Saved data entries
------------------------

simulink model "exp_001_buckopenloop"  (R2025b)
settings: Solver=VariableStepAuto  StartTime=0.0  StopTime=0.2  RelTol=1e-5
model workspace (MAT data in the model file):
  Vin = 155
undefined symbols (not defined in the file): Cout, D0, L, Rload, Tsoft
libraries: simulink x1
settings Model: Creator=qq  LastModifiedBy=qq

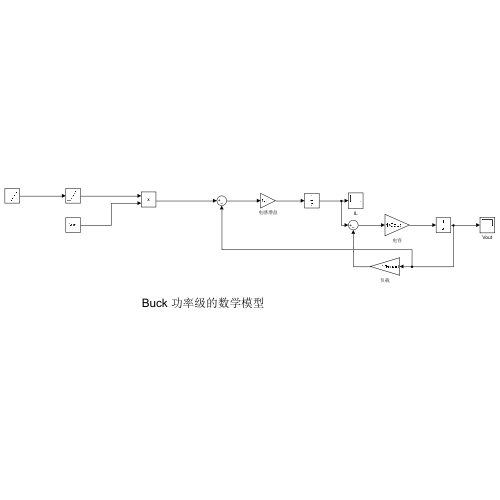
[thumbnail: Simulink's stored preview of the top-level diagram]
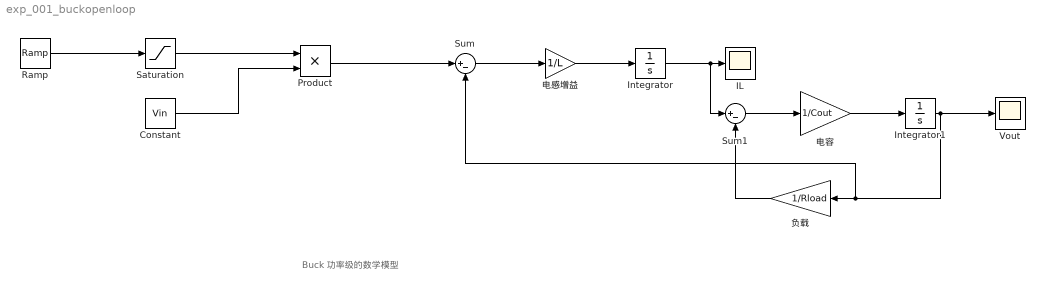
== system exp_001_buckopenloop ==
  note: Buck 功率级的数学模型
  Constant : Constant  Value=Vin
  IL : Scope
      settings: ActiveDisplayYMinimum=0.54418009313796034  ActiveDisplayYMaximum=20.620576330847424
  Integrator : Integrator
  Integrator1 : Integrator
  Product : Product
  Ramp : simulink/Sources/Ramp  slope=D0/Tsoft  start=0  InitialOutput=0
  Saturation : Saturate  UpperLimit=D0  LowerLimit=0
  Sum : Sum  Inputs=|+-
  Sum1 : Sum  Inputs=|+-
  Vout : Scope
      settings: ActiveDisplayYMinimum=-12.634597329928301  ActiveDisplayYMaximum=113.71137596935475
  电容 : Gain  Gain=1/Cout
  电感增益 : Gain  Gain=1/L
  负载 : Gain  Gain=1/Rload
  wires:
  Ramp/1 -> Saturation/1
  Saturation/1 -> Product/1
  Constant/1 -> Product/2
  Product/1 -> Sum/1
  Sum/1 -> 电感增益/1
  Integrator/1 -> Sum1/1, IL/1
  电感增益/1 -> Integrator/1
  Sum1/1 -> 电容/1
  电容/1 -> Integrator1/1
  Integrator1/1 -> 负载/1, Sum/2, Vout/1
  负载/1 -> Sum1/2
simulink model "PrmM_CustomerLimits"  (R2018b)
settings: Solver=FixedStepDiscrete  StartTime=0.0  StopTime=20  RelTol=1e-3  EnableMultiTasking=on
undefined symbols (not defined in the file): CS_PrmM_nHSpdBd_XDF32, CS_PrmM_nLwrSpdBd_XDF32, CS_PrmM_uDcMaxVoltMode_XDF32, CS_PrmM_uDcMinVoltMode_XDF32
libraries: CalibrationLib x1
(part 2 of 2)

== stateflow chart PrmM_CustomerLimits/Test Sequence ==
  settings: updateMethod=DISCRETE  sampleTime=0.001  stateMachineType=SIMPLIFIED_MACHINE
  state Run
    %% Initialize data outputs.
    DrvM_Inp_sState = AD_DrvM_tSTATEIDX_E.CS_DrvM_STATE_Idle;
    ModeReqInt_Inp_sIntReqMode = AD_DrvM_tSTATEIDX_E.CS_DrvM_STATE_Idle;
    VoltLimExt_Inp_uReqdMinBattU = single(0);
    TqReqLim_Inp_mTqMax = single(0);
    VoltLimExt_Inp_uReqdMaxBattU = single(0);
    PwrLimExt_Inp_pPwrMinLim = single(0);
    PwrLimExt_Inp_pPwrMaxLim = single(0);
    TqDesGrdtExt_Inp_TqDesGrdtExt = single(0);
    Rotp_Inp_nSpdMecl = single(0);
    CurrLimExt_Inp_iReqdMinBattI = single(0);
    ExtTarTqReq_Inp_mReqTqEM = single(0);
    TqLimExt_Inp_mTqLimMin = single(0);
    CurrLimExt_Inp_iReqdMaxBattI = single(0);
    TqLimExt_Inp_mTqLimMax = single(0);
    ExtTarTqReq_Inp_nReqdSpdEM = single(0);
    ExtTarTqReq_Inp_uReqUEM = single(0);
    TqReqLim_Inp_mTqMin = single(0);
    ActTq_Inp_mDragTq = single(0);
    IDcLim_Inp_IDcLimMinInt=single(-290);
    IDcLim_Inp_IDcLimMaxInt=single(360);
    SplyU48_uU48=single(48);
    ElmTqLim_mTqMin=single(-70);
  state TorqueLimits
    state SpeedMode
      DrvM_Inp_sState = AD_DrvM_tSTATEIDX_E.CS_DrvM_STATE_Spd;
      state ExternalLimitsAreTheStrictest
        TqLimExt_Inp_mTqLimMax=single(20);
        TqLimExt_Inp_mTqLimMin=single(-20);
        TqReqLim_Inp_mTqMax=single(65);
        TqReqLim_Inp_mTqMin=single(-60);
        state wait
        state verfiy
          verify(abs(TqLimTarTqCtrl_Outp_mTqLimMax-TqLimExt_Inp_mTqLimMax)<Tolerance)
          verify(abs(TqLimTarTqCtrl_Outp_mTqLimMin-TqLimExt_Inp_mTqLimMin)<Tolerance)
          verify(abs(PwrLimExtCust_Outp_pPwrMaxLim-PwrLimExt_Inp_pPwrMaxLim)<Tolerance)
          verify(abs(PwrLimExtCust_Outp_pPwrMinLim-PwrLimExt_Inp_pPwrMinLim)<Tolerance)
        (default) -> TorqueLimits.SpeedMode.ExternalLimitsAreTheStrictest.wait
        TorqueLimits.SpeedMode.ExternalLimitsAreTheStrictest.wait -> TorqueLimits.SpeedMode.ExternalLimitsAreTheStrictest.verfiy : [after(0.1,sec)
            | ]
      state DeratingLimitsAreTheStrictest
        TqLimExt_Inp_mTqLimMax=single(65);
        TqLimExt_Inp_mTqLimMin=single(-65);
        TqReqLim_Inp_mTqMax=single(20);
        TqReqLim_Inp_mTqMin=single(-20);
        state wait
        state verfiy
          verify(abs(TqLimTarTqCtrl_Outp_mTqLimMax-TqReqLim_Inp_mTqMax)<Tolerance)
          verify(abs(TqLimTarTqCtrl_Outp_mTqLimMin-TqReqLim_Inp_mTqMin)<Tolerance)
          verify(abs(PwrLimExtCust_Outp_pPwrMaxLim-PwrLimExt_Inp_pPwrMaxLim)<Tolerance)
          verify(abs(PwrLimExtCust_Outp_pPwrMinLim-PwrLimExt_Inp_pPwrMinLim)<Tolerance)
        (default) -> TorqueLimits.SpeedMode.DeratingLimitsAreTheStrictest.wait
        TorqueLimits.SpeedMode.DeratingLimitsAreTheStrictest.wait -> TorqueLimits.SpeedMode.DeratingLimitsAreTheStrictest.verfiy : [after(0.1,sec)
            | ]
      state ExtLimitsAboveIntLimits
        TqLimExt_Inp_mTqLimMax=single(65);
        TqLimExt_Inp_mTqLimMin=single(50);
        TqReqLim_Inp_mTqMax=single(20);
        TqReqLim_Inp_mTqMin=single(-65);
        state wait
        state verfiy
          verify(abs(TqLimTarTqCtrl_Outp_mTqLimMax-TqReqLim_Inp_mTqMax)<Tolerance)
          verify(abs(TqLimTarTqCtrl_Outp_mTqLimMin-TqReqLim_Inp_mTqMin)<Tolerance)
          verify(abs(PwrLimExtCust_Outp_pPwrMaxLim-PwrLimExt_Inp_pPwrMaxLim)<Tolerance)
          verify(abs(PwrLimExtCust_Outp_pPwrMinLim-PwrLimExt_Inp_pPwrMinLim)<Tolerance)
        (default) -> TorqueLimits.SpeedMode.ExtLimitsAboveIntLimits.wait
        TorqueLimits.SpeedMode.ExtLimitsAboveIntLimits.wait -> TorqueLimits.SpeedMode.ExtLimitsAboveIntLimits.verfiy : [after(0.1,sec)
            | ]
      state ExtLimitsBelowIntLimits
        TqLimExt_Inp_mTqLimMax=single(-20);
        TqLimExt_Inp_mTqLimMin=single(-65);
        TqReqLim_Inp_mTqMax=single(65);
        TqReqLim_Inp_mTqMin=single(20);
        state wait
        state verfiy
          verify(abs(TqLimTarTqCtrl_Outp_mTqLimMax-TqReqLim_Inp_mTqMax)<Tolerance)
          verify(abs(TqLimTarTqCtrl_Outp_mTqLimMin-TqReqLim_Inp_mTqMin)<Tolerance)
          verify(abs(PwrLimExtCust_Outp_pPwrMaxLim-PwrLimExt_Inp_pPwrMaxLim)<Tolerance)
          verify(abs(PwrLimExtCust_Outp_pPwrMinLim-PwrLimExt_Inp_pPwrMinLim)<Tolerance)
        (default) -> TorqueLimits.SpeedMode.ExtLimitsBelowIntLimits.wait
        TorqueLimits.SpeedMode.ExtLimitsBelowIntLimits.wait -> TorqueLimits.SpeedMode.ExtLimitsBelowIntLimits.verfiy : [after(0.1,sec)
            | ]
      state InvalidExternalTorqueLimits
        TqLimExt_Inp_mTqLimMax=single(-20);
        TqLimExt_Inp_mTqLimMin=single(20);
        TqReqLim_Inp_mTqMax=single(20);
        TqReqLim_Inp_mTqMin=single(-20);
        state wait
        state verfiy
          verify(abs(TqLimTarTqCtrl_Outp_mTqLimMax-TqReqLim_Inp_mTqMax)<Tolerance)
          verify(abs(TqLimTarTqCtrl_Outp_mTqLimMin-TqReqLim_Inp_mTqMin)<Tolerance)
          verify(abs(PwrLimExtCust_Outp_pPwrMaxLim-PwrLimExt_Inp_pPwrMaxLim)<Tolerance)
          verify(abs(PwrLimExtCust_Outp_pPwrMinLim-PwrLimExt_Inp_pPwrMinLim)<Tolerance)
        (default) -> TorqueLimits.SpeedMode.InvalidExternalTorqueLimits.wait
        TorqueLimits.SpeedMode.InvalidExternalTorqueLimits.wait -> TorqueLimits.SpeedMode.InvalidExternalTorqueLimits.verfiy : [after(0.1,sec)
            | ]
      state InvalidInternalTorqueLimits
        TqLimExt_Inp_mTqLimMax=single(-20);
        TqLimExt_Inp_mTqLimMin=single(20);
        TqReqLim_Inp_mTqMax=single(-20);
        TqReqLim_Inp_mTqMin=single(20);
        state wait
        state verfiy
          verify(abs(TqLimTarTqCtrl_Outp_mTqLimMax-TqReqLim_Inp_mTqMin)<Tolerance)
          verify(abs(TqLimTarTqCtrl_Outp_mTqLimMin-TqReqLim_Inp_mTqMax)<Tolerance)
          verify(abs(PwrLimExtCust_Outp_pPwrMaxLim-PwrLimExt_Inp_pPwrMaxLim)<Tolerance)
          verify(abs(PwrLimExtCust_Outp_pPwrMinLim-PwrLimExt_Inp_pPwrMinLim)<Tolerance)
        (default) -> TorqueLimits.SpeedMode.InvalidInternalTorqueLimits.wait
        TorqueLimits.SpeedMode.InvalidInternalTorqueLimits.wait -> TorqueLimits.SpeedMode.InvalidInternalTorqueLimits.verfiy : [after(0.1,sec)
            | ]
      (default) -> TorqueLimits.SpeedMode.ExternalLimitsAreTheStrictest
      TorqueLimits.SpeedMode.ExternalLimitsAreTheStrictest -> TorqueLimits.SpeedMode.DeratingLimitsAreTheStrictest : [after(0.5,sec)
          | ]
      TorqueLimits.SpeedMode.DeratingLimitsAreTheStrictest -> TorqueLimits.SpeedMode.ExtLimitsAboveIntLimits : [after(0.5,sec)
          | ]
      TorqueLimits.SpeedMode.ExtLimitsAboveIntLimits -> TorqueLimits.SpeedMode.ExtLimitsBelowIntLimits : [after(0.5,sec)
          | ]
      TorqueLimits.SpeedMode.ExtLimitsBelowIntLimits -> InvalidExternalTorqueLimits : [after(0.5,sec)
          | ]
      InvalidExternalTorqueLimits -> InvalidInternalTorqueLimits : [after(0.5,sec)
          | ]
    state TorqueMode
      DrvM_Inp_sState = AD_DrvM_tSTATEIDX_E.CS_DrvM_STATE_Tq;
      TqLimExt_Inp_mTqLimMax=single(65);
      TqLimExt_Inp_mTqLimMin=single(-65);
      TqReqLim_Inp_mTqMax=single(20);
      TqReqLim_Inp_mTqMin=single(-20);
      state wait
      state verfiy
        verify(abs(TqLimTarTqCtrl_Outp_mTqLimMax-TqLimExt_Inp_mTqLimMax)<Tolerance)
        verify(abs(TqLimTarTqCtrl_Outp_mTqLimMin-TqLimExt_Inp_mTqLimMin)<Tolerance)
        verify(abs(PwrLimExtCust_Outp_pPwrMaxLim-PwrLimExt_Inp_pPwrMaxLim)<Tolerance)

------------------------

WHAT IS REQUIRED ▸ All lines of the records containing "defined" should be shown.

OUTPUT FOR THIS EXERCISE ▸
undefined symbols (not defined in the file): Cout, D0, L, Rload, Tsoft
undefined symbols (not defined in the file): CS_PrmM_nHSpdBd_XDF32, CS_PrmM_nLwrSpdBd_XDF32, CS_PrmM_uDcMaxVoltMode_XDF32, CS_PrmM_uDcMinVoltMode_XDF32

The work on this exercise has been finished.